There is also evidence to support that a bleed and feed with a GI turbine into a GII turbine oil with failing demulsibility may also restore demulsibility characteristics. Table 2 below shows the impact of a 30% bleed and feed of a GI turbine oil into a GII turbine oil. The demulsibility characteristics were improved and recent testing indicates that demulsibility has been maintained at 40/40/0 suggesting that this could provide more than a short-term fix. This may be another example of a solubility enhancement of the fluid by a large addition of a weaker solubility enhancer.
Table 2: Impact on demulsibility after a 30% bleed in feed with a GI turbine oil in a steam turbine
New Oil
February 2013
10 year old GII turbine oil
July 2013
After 30% bleed & feed with GI turbine oil
Demulsibility (D1401)
40/40/0 (15)
10/35/35 (30)
40/40/0
Polar contaminants may also be removed, which in some cases can restore water separability characteristics. Varnish mitigation systems like Fluitec’s ESP technology typically have a positive impact on water separability, however the results are not consistent enough to claim that this technology is a solution to all demulsibility problems.
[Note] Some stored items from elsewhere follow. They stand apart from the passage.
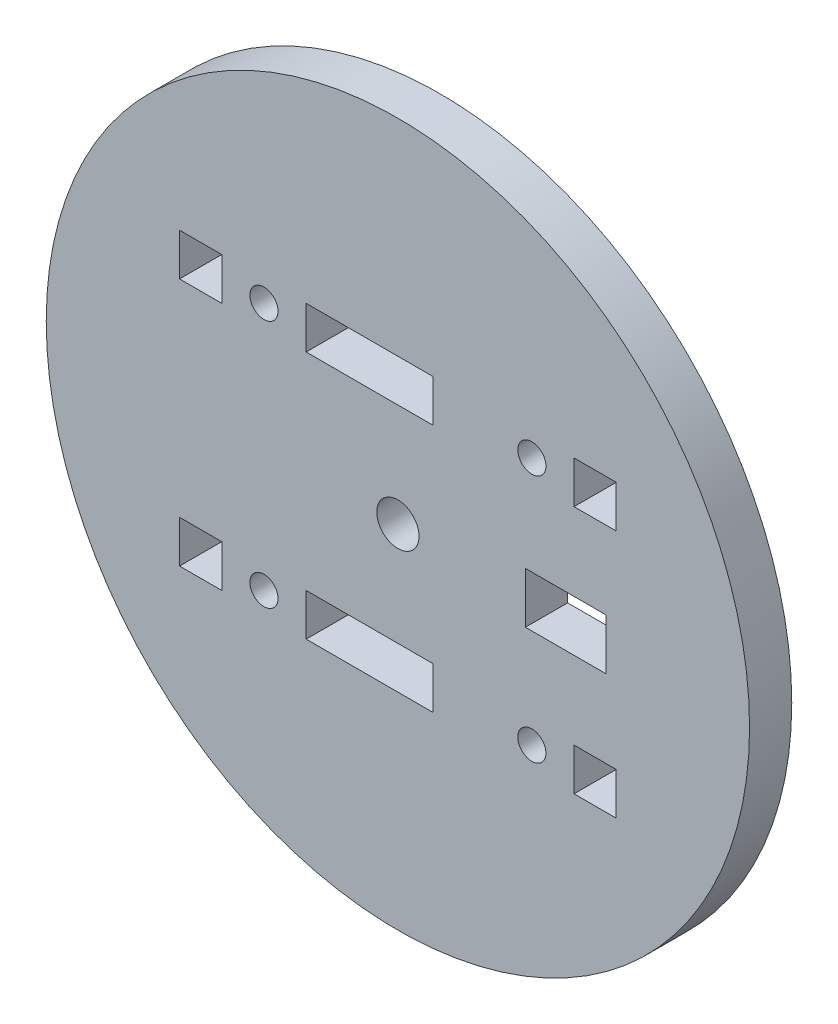
ISO-10303-21;
HEADER;
FILE_DESCRIPTION(('STEP AP214'),'2;1');
FILE_NAME('part.step','',(''),(''),'','','');
FILE_SCHEMA(('AUTOMOTIVE_DESIGN { 1 0 10303 214 1 1 1 1 }'));
ENDSEC;
DATA;
#1=APPLICATION_CONTEXT('core data for automotive mechanical design processes');
#2=APPLICATION_PROTOCOL_DEFINITION('international standard','automotive_design',2000,#1);
#3=PRODUCT_CONTEXT('',#1,'mechanical');
#4=PRODUCT('Part','Part','',(#3));
#5=PRODUCT_RELATED_PRODUCT_CATEGORY('part','',(#4));
#6=PRODUCT_DEFINITION_FORMATION('','',#4);
#7=PRODUCT_DEFINITION_CONTEXT('part definition',#1,'design');
#8=PRODUCT_DEFINITION('design','',#6,#7);
#9=PRODUCT_DEFINITION_SHAPE('','',#8);
#10=(LENGTH_UNIT() NAMED_UNIT(*) SI_UNIT(.MILLI.,.METRE.));
#11=(NAMED_UNIT(*) PLANE_ANGLE_UNIT() SI_UNIT($,.RADIAN.));
#12=(NAMED_UNIT(*) SI_UNIT($,.STERADIAN.) SOLID_ANGLE_UNIT());
#13=UNCERTAINTY_MEASURE_WITH_UNIT(LENGTH_MEASURE(1.E-05),#10,'distance_accuracy_value','');
#14=(GEOMETRIC_REPRESENTATION_CONTEXT(3) GLOBAL_UNCERTAINTY_ASSIGNED_CONTEXT((#13)) GLOBAL_UNIT_ASSIGNED_CONTEXT((#10,
#11,#12)) REPRESENTATION_CONTEXT('',''));
#15=CARTESIAN_POINT('',(0.,0.,0.));
#16=DIRECTION('',(0.,0.,1.));
#17=DIRECTION('',(1.,0.,0.));
#18=AXIS2_PLACEMENT_3D('',#15,#16,#17);
#19=CARTESIAN_POINT('',(0.,0.,15.));
#20=DIRECTION('',(0.,0.,1.));
#21=DIRECTION('',(1.,0.,0.));
#22=AXIS2_PLACEMENT_3D('',#19,#20,#21);
#23=PLANE('',#22);
#24=CARTESIAN_POINT('',(-47.6102535255947,-44.1941738241591,15.));
#25=DIRECTION('',(0.,0.,-1.));
#26=DIRECTION('',(1.,0.,0.));
#27=AXIS2_PLACEMENT_3D('',#24,#25,#26);
#28=CIRCLE('',#27,5.);
#29=CARTESIAN_POINT('',(-42.6102535255947,-44.1941738241591,15.));
#30=VERTEX_POINT('',#29);
#31=EDGE_CURVE('E250',#30,#30,#28,.T.);
#32=ORIENTED_EDGE('',*,*,#31,.T.);
#33=EDGE_LOOP('',(#32));
#34=FACE_BOUND('',#33,.T.);
#35=CARTESIAN_POINT('',(47.6102535255947,-44.1941738241591,15.));
#36=DIRECTION('',(0.,0.,-1.));
#37=DIRECTION('',(1.,0.,0.));
#38=AXIS2_PLACEMENT_3D('',#35,#36,#37);
#39=CIRCLE('',#38,5.);
#40=CARTESIAN_POINT('',(52.6102535255947,-44.1941738241591,15.));
#41=VERTEX_POINT('',#40);
#42=EDGE_CURVE('E257',#41,#41,#39,.T.);
#43=ORIENTED_EDGE('',*,*,#42,.T.);
#44=EDGE_LOOP('',(#43));
#45=FACE_BOUND('',#44,.T.);
#46=DIRECTION('',(-1.,0.,0.));
#47=VECTOR('',#46,1.);
#48=CARTESIAN_POINT('',(-32.6102535255947,51.6941738241591,15.));
#49=LINE('',#48,#47);
#50=CARTESIAN_POINT('',(12.3897464744053,51.6941738241591,15.));
#51=VERTEX_POINT('',#50);
#52=CARTESIAN_POINT('',(-32.6102535255947,51.6941738241591,15.));
#53=VERTEX_POINT('',#52);
#54=EDGE_CURVE('E321',#51,#53,#49,.T.);
#55=ORIENTED_EDGE('',*,*,#54,.F.);
#56=DIRECTION('',(0.,1.,0.));
#57=VECTOR('',#56,1.);
#58=CARTESIAN_POINT('',(12.3897464744053,51.6941738241591,15.));
#59=LINE('',#58,#57);
#60=CARTESIAN_POINT('',(12.3897464744053,36.6941738241591,15.));
#61=VERTEX_POINT('',#60);
#62=EDGE_CURVE('E332',#61,#51,#59,.T.);
#63=ORIENTED_EDGE('',*,*,#62,.F.);
#64=DIRECTION('',(1.,0.,0.));
#65=VECTOR('',#64,1.);
#66=CARTESIAN_POINT('',(-32.6102535255947,36.6941738241591,15.));
#67=LINE('',#66,#65);
#68=CARTESIAN_POINT('',(-32.6102535255947,36.6941738241591,15.));
#69=VERTEX_POINT('',#68);
#70=EDGE_CURVE('E346',#69,#61,#67,.T.);
#71=ORIENTED_EDGE('',*,*,#70,.F.);
#72=DIRECTION('',(0.,-1.,0.));
#73=VECTOR('',#72,1.);
#74=CARTESIAN_POINT('',(-32.6102535255947,51.6941738241591,15.));
#75=LINE('',#74,#73);
#76=EDGE_CURVE('E343',#53,#69,#75,.T.);
#77=ORIENTED_EDGE('',*,*,#76,.F.);
#78=EDGE_LOOP('',(#55,#63,#71,#77));
#79=FACE_BOUND('',#78,.T.);
#80=CARTESIAN_POINT('',(-47.6102535255947,44.1941738241591,15.));
#81=DIRECTION('',(0.,0.,1.));
#82=DIRECTION('',(1.,0.,0.));
#83=AXIS2_PLACEMENT_3D('',#80,#81,#82);
#84=CIRCLE('',#83,5.);
#85=CARTESIAN_POINT('',(-42.6102535255947,44.1941738241591,15.));
#86=VERTEX_POINT('',#85);
#87=EDGE_CURVE('E353',#86,#86,#84,.T.);
#88=ORIENTED_EDGE('',*,*,#87,.F.);
#89=EDGE_LOOP('',(#88));
#90=FACE_BOUND('',#89,.T.);
#91=CARTESIAN_POINT('',(47.6102535255947,44.1941738241591,15.));
#92=DIRECTION('',(0.,0.,1.));
#93=DIRECTION('',(1.,0.,0.));
#94=AXIS2_PLACEMENT_3D('',#91,#92,#93);
#95=CIRCLE('',#94,5.);
#96=CARTESIAN_POINT('',(52.6102535255947,44.1941738241591,15.));
#97=VERTEX_POINT('',#96);
#98=EDGE_CURVE('E363',#97,#97,#95,.T.);
#99=ORIENTED_EDGE('',*,*,#98,.F.);
#100=EDGE_LOOP('',(#99));
#101=FACE_BOUND('',#100,.T.);
#102=DIRECTION('',(0.,1.,0.));
#103=VECTOR('',#102,1.);
#104=CARTESIAN_POINT('',(73.9683398041064,-9.06,15.));
#105=LINE('',#104,#103);
#106=CARTESIAN_POINT('',(73.9683398041064,-9.06,15.));
#107=VERTEX_POINT('',#106);
#108=CARTESIAN_POINT('',(73.9683398041064,9.06,15.));
#109=VERTEX_POINT('',#108);
#110=EDGE_CURVE('E369',#107,#109,#105,.T.);
#111=ORIENTED_EDGE('',*,*,#110,.F.);
#112=DIRECTION('',(1.,0.,0.));
#113=VECTOR('',#112,1.);
#114=CARTESIAN_POINT('',(45.3283398041064,-9.06,15.));
#115=LINE('',#114,#113);
#116=CARTESIAN_POINT('',(45.3283398041064,-9.06,15.));
#117=VERTEX_POINT('',#116);
#118=EDGE_CURVE('E376',#117,#107,#115,.T.);
#119=ORIENTED_EDGE('',*,*,#118,.F.);
#120=DIRECTION('',(0.,-1.,0.));
#121=VECTOR('',#120,1.);
#122=CARTESIAN_POINT('',(45.3283398041064,-9.06,15.));
#123=LINE('',#122,#121);
#124=CARTESIAN_POINT('',(45.3283398041064,9.06,15.));
#125=VERTEX_POINT('',#124);
#126=EDGE_CURVE('E390',#125,#117,#123,.T.);
#127=ORIENTED_EDGE('',*,*,#126,.F.);
#128=DIRECTION('',(-1.,0.,0.));
#129=VECTOR('',#128,1.);
#130=CARTESIAN_POINT('',(45.3283398041064,9.06,15.));
#131=LINE('',#130,#129);
#132=EDGE_CURVE('E387',#109,#125,#131,.T.);
#133=ORIENTED_EDGE('',*,*,#132,.F.);
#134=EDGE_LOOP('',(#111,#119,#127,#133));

Following is an example of removing polar contaminants to restore water separation characteristics. A steam turbine at an incineration plant in Germany had failing demulsibility on a Siemens steam turbine after a new charge of turbine oil. The results as tested by IP19 were >1200 mins. The corresponding ASTM D1401 results were 5/10/65(60) on the sample. Analysis revealed no clear evidence identifying the cause of the demulsibility failure. All other oil properties were within specification, including the MPC value.
The plant installed an ESP varnish mitigation system to try to correct the problem since the technology does have the potential to remove some types of polar contaminants.
Table 3: The Impact on Demulsibility after installing an ESP varnish mitigation system
Nov 2013
Feb, 2014
Demulsibility (ISO 6614)
>1200
256
MPC (ASTM D7843)
5
3
A turbine oil’s ability to rapidly separate from water is one of its primary performance characteristics. If a fluid fails demulsibility and water contaminates the system, significant equipment damage can occur. A power plant may also have a false sense of security because their water removal technology may be ineffective if their turbine oils demulsibility properties have been destroyed.
The reasons that turbine oils fail demulsibility can be varied, yet finding a definitive root cause can be elusive. Without knowing the root cause of fluid failure, a consistent solution cannot be applied. However, through field testing two possible solutions appear to show promise: Improving a fluid’s solubility and removing polar contaminants.